A brand new contract deployed on Oct. 29 by Unibot, a preferred Telegram bot used to snipe trades on the decentralized change Uniswap, was reportedly exploited to hack roughly $560,000 in numerous memcoins from customers.
On Oct. 31, blockchain safety agency Scopescan alerted Unibot customers about an ongoing hack on Unibot that went undetected. An exploit on a newly deployed contract by Unibot drained the crypto holdings of a number of customers.
The present exploit dimension is ~$560K
— Scopescan ( . ) (@0xScopescan) October 31, 2023
Unibot later confirmed the hack by revealing preliminary particulars:
“We skilled a token approval exploit from our new router and have paused our router to comprise the problem.”
Amid ongoing investigations from Unibot and blockchain investigators, Scopescan suggested customers to revoke the approvals for the exploited contract (0x126c9FbaB3A2FCA24eDfd17322E71a5e36E91865) and transfer the funds to a brand new pockets.

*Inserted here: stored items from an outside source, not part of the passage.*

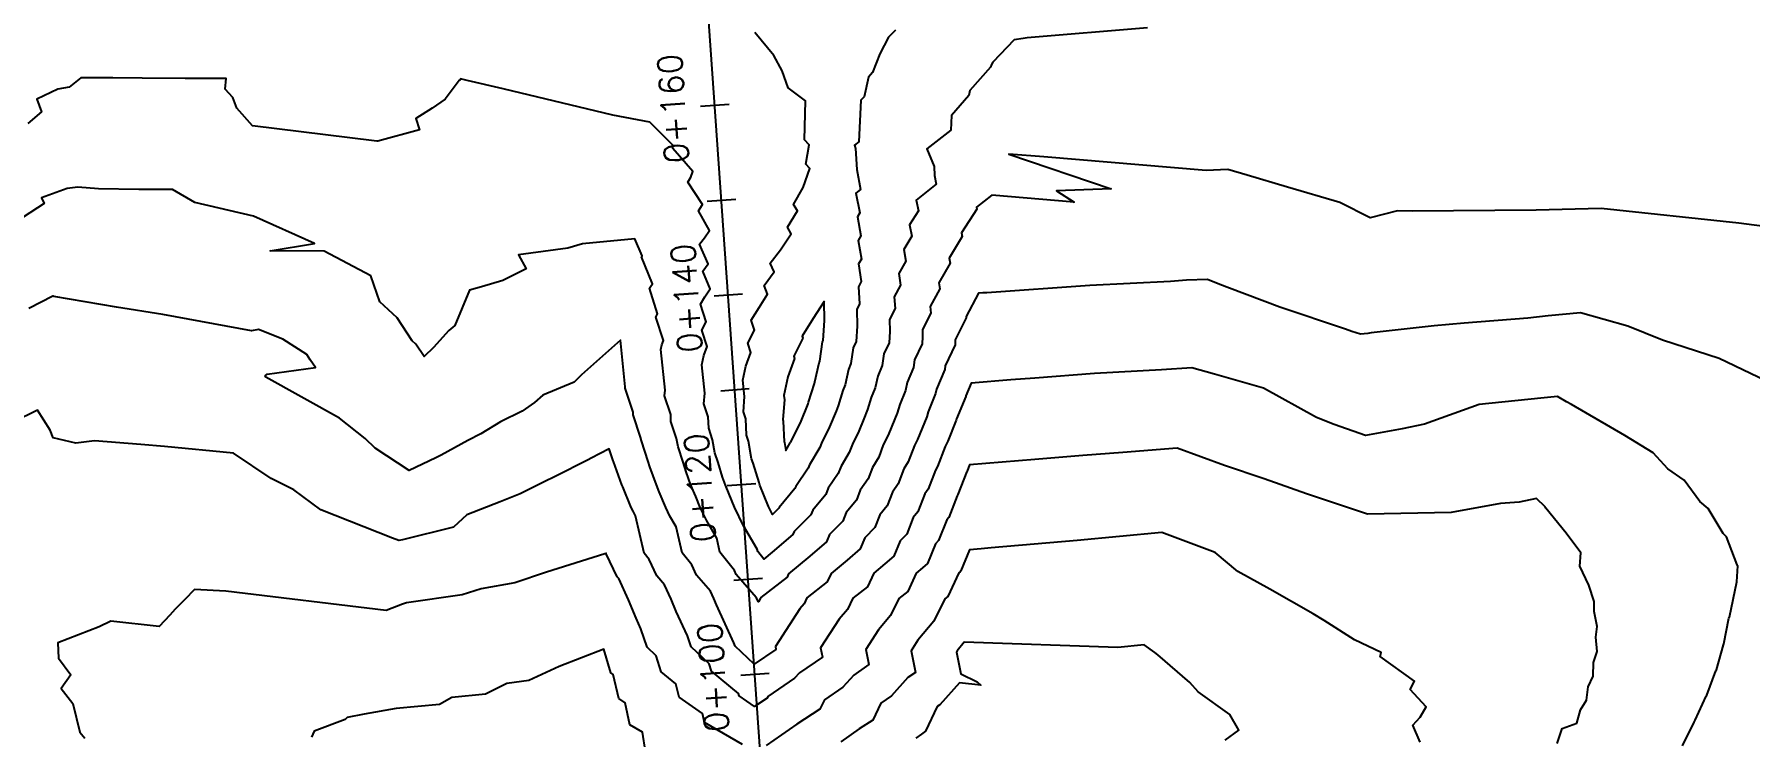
# Model space of a CAD drawing. Header units: metres. Extents: x 706349 to 713144, y 2649082 to 2655455.
# Drawn here: x 709196.1 to 709376.8, y 2652075.7 to 2652149.6 of the extents above; entities that cross this region are included whole.
import ezdxf

# ---------------------------------------------------------------- set-up
doc = ezdxf.new("R2010")
doc.units = ezdxf.units.M
for name, color, linetype in [('C-ROAD-CNTR-N', 92, 'Continuous'), ('C-ROAD-STAN-MAJR', 11, 'Continuous'), ('C-ROAD-STAN-MINR', 11, 'Continuous'), ('C-TOPO-MAJR', 9, 'Continuous'), ('C-TOPO-MINR', 8, 'Continuous')]:
    doc.layers.add(name, color=color, linetype=linetype)
doc.styles.get("Standard").update_dxf_attribs({"font": 'simplex.shx'})

# ---------------------------------------------------------------- blocks, each defined once
blk = doc.blocks.new('AeccTickLine')
blk.add_line((0, -0.5), (0, 0.5))

msp = doc.modelspace()

# ---------------------------------------------------------------- linework, layer by layer
at = {"layer": 'C-ROAD-CNTR-N', "color": 92, "linetype": 'Continuous', "lineweight": -3, "flags": 128}
msp.add_lwpolyline([(709279.04, 2651982.47), (709256.23, 2652306.45)], dxfattribs=at)
at = {"layer": 'C-TOPO-MAJR', "color": 9, "linetype": 'Continuous', "lineweight": -3, "elevation": -10, "flags": 128}
msp.add_lwpolyline([(709275.12, 2652106.64), (709275.27, 2652105.78), (709275.74, 2652106.58), (709275.76, 2652106.62), (709276.81, 2652108.71), (709277.62, 2652110.71), (709277.68, 2652110.86), (709278.28, 2652112.84), (709278.34, 2652113.01), (709278.77, 2652115.01), (709278.84, 2652115.17), (709279.14, 2652117.22), (709279.2, 2652117.35), (709279.34, 2652119.46), (709279.31, 2652121.47), (709278.14, 2652119.68), (709276.99, 2652117.8), (709277.05, 2652117.59), (709276.11, 2652115.7), (709276.18, 2652115.45), (709275.49, 2652113.54), (709275.07, 2652111.56), (709275.12, 2652111.11), (709274.96, 2652109.03), (709275.01, 2652108.88), (709275.1, 2652106.69), (709275.12, 2652106.64)], close=True, dxfattribs=at)
at = {"layer": 'C-TOPO-MAJR', "color": 9, "linetype": 'Continuous', "lineweight": -3, "elevation": -20, "flags": 128}
msp.add_lwpolyline([(709369.7, 2652074.72), (709370.94, 2652077.19), (709371.03, 2652077.4), (709372.19, 2652079.92), (709372.28, 2652080.04), (709373.21, 2652082.61), (709373.29, 2652082.72), (709374.02, 2652085.35), (709374.08, 2652085.44), (709374.6, 2652088.15), (709374.63, 2652088.2), (709374.66, 2652088.25), (709375.43, 2652091.98), (709375.55, 2652093.65), (709375.51, 2652093.7), (709375.46, 2652093.76), (709374.34, 2652096.7), (709373.98, 2652097.05), (709372.43, 2652099.69), (709371.53, 2652100.43), (709369.88, 2652102.65), (709368.17, 2652103.86), (709366.63, 2652105.55), (709363.64, 2652107.35), (709358.01, 2652110.63), (709357.5, 2652110.92), (709356.56, 2652111.47), (709354.78, 2652111.29), (709348.29, 2652110.62), (709342.53, 2652108.56), (709340.18, 2652108.05), (709336.31, 2652107.37), (709333.01, 2652108.53), (709331.18, 2652109.25), (709325.59, 2652112.34), (709320.41, 2652113.8), (709318.05, 2652114.47), (709314.85, 2652114.28), (709307.77, 2652113.87), (709301.51, 2652113.38), (709298.97, 2652113.22), (709298.97, 2652113.22), (709294.79, 2652112.86), (709294.24, 2652111.54), (709294.22, 2652111.48), (709293.26, 2652109.13), (709293.21, 2652108.96), (709292.32, 2652106.77), (709292.21, 2652106.49), (709292.07, 2652106.21), (709291.26, 2652104.1), (709291.04, 2652103.71), (709290.25, 2652101.71), (709289.91, 2652101.21), (709289.19, 2652099.34), (709288.7, 2652098.75), (709288.01, 2652096.98), (709287.31, 2652096.29), (709286.64, 2652094.65), (709285.71, 2652093.85), (709284.53, 2652092.86), (709283.87, 2652091.45), (709282.34, 2652090.25), (709281.76, 2652089.05), (709280.91, 2652088.03), (709278.94, 2652085.01), (709279.12, 2652084.05), (709276.7, 2652082.4), (709276.19, 2652081.82), (709273.39, 2652079.9), (709273.3, 2652079.71), (709271.96, 2652078.85), (709270.37, 2652079.96), (709270.3, 2652080.23), (709267.44, 2652082.55), (709267.2, 2652083.33), (709265.3, 2652085.14), (709264.92, 2652086.28), (709263.74, 2652088.84), (709263.2, 2652090.15), (709262.51, 2652091.64), (709261.69, 2652092.58), (709260.87, 2652094.33), (709260.36, 2652094.97), (709259.46, 2652098.91), (709259.18, 2652099.39), (709258.99, 2652099.77), (709258.11, 2652101.97), (709258.02, 2652102.18), (709257.12, 2652104.64), (709257.1, 2652104.71), (709256.68, 2652105.95), (709254.79, 2652104.98), (709254.44, 2652104.79), (709250.98, 2652103.04), (709249.82, 2652102.49), (709247.29, 2652101.24), (709245.19, 2652100.37), (709241.69, 2652099), (709240.26, 2652097.7), (709234.89, 2652096.39), (709234.53, 2652096.3), (709233.84, 2652096.57), (709226.29, 2652099.53), (709223.46, 2652101.65), (709221.06, 2652102.84), (709217.12, 2652105.52), (709217.1, 2652105.51), (709209.82, 2652106.2), (709207.36, 2652106.4), (709202.48, 2652106.79), (709200.49, 2652106.56), (709198.12, 2652107.11), (709197.8, 2652107.92), (709196.46, 2652110.03), (709193.89, 2652108.76)], dxfattribs=at)
at = {"layer": 'C-TOPO-MINR', "color": 8, "linetype": 'Continuous', "lineweight": -3, "flags": 128}
for points, elevation in [([(709313.37, 2652150.25), (709300.7, 2652149.21), (709300.27, 2652149.13), (709299.34, 2652148.98), (709297.07, 2652146.65), (709296.94, 2652146.4), (709296.83, 2652146.12), (709294.67, 2652143.67), (709294.55, 2652143.13), (709292.73, 2652141.05), (709292.65, 2652139.48), (709290.11, 2652137.54), (709290.9, 2652135.66), (709290.94, 2652134.71), (709291.12, 2652133.8), (709289.01, 2652132.13), (709289.24, 2652130.99), (709288.3, 2652129.52), (709288.53, 2652128.32), (709287.7, 2652126.95), (709287.91, 2652125.71), (709287.17, 2652124.42), (709287.35, 2652123.19), (709286.7, 2652121.97), (709286.79, 2652120.72), (709286.21, 2652119.57), (709286.23, 2652118.31), (709286.15, 2652117.13), (709285.6, 2652115.95), (709285.42, 2652114.74), (709284.96, 2652113.62), (709284.7, 2652112.39), (709284.27, 2652111.36), (709283.89, 2652110.1), (709283.5, 2652109.13), (709282.97, 2652107.82), (709282.28, 2652106.46), (709281.95, 2652105.59), (709281.09, 2652104.12), (709280.79, 2652103.36), (709279.72, 2652101.81), (709279.48, 2652101.17), (709278.11, 2652099.52), (709277.91, 2652099.03), (709276.15, 2652097.27), (709276.02, 2652096.96), (709273.85, 2652095.09), (709272.96, 2652094.35), (709272.33, 2652095.16), (709272.27, 2652095.39), (709270.82, 2652097.86), (709269.87, 2652099.81), (709269.62, 2652100.41), (709268.92, 2652102.13), (709268.62, 2652102.97), (709268.15, 2652104.51), (709267.8, 2652105.54), (709267.55, 2652106.92), (709267.15, 2652108.12), (709267.1, 2652109.34), (709266.65, 2652110.7), (709266.74, 2652111.8), (709266.43, 2652114.8), (709266.63, 2652115.78), (709266.98, 2652116.73), (709266.43, 2652118.44), (709266.87, 2652119.31), (709266.28, 2652121.18), (709266.76, 2652121.95), (709267.29, 2652122.78), (709266.52, 2652124.66), (709267.09, 2652125.41), (709266.2, 2652127.48), (709266.71, 2652128.15), (709267.25, 2652128.93), (709266.07, 2652131), (709266.49, 2652131.68), (709264.97, 2652134.03), (709265.27, 2652134.54), (709265.47, 2652135.13), (709263.36, 2652137.57), (709263.42, 2652137.89), (709260.96, 2652140.34), (709257.07, 2652141.07), (709245.49, 2652143.84), (709241.73, 2652144.7), (709241.01, 2652144.89), (709240.94, 2652144.76), (709240.87, 2652144.72), (709239.41, 2652142.76), (709238.04, 2652141.79), (709236.29, 2652140.71), (709236.71, 2652139.52), (709232.3, 2652138.34), (709232.27, 2652138.33), (709232.23, 2652138.32), (709231.93, 2652138.36), (709219.12, 2652139.94), (709217.47, 2652141.8), (709217.05, 2652142.93), (709216.21, 2652143.82), (709216.34, 2652144.92), (709212.02, 2652144.94), (709207.5, 2652144.95), (709204.4, 2652144.98), (709203.23, 2652144.98), (709201.01, 2652144.98), (709199.79, 2652144.03), (709198.61, 2652143.82), (709196.4, 2652142.76), (709196.88, 2652141.41), (709195.43, 2652140.18)], -14), ([(709286.83, 2652150.01), (709286.1, 2652149.26), (709285.16, 2652147.53), (709284.42, 2652145.57), (709283.97, 2652145.07), (709283.52, 2652143.01), (709283.19, 2652142.63), (709282.95, 2652138.25), (709282.5, 2652137.9), (709282.63, 2652137.57), (709282.74, 2652135.35), (709283.15, 2652133.26), (709282.65, 2652132.87), (709283.08, 2652130.8), (709282.81, 2652130.37), (709283.19, 2652128.36), (709282.9, 2652127.89), (709283.24, 2652125.93), (709282.94, 2652125.41), (709283.21, 2652123.56), (709282.92, 2652123.01), (709283.04, 2652121.2), (709282.75, 2652120.63), (709282.78, 2652118.88), (709282.68, 2652117.24), (709282.37, 2652116.58), (709282.13, 2652114.95), (709281.86, 2652114.31), (709281.52, 2652112.7), (709281.27, 2652112.1), (709280.79, 2652110.48), (709280.56, 2652109.92), (709279.89, 2652108.26), (709279.02, 2652106.54), (709278.85, 2652106.09), (709277.78, 2652104.26), (709277.64, 2652103.91), (709276.32, 2652102), (709276.24, 2652101.78), (709274.57, 2652099.78), (709274.55, 2652099.72), (709273.87, 2652099.04), (709273.49, 2652099.82), (709273.46, 2652099.9), (709272.55, 2652102.12), (709272.45, 2652102.41), (709271.83, 2652104.44), (709271.67, 2652104.91), (709271.33, 2652106.78), (709271.13, 2652107.41), (709271.06, 2652109.11), (709270.8, 2652109.86), (709270.93, 2652111.45), (709270.75, 2652113.18), (709271.06, 2652114.66), (709271.58, 2652116.09), (709271.27, 2652117.07), (709271.96, 2652118.45), (709271.63, 2652119.49), (709272.45, 2652120.82), (709273.36, 2652122.23), (709272.98, 2652123.16), (709274.05, 2652124.57), (709273.64, 2652125.5), (709274.72, 2652126.91), (709275.85, 2652128.57), (709275.45, 2652129.28), (709276.51, 2652131), (709276.07, 2652131.67), (709277.09, 2652133.44), (709277.79, 2652135.44), (709277.38, 2652135.91), (709277.75, 2652137.96), (709277.23, 2652138.48), (709277.35, 2652142.56), (709276.63, 2652143.11), (709275.52, 2652143.94), (709274.9, 2652145.73), (709274, 2652147.34), (709272, 2652149.77)], -12), ([(709379.15, 2652129.24), (709375.63, 2652129.69), (709361.14, 2652131.25), (709354.31, 2652131.09), (709345.6, 2652131), (709341.24, 2652130.98), (709339.7, 2652131), (709336.81, 2652130.28), (709333.63, 2652131.88), (709328.11, 2652133.49), (709323.87, 2652134.74), (709321.81, 2652135.35), (709319.56, 2652135.25), (709302.46, 2652136.7), (709298.76, 2652136.96), (709309.55, 2652133.33), (709303.78, 2652133.1), (709305.64, 2652131.92), (709305.64, 2652131.92), (709296.97, 2652132.66), (709295.36, 2652131.38), (709295.4, 2652131.18), (709293.79, 2652128.67), (709293.86, 2652128.29), (709292.49, 2652126.01), (709292.58, 2652125.49), (709291.4, 2652123.42), (709291.49, 2652122.81), (709290.49, 2652120.94), (709290.54, 2652120.23), (709289.66, 2652118.51), (709289.67, 2652117.74), (709289.62, 2652117.02), (709288.83, 2652115.31), (709288.72, 2652114.53), (709288.05, 2652112.93), (709287.87, 2652112.09), (709287.27, 2652110.61), (709287, 2652109.72), (709286.44, 2652108.34), (709286.05, 2652107.38), (709285.54, 2652106.38), (709285.06, 2652105.09), (709284.41, 2652103.99), (709283.95, 2652102.81), (709283.12, 2652101.61), (709282.72, 2652100.56), (709281.64, 2652099.26), (709281.28, 2652098.35), (709279.87, 2652096.94), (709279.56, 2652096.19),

As seen above, the market reacted negatively to the event because the UNIBOT (UNIBOT) token witnessed an instantaneous 42.7% drop in its worth in a single hour — from $57.56 to $32.94. Nevertheless, the token worth is making a restoration try on the time of writing.
We skilled a token approval exploit from our new router and have paused our router to comprise the problem.
Any funds misplaced because of the bug on our new router might be compensated. Your keys and wallets are secure.
We are going to launch an in depth response after investigations conclude.
— Unibot (@TeamUnibot) October 31, 2023
Unibot dedicated to compensating all customers that misplaced funds because of the contract exploit. Weekly transaction information reveals that cryptocurrencies comparable to Joe (JOE), UNIBOT and BeerusCat (BCAT) represented a significant a part of the loot.
Cointelegraph additionally discovered from Scopescan that the deal with 0x835B, which is an identical to the exploited deal with, was deployed and is getting used to obtain tokens from unsuspecting victims.
Unibot has not but responded to Cointelegraph’s request for remark.
The same contract exploit lately drained 280 ETH from users of Maestrobots, a bunch of cryptocurrency bots on the Telegram messenger app.
Within the following days, Maestrobots paid a complete of 610 ETH from its personal income to cowl all of the person losses whereas citing a scarcity of liquidity to purchase again the misplaced tokens:
“So we compensated affected customers with the ETH equal of their tokens, and boosted that quantity by 20% since you deserve it. These refunds price 334 ETH.”
Blockchain safety agency CertiK confirmed to Cointelegraph that it has been in a position to detect the transactions displaying the 334 ETH compensation paid out to customers from Maestro.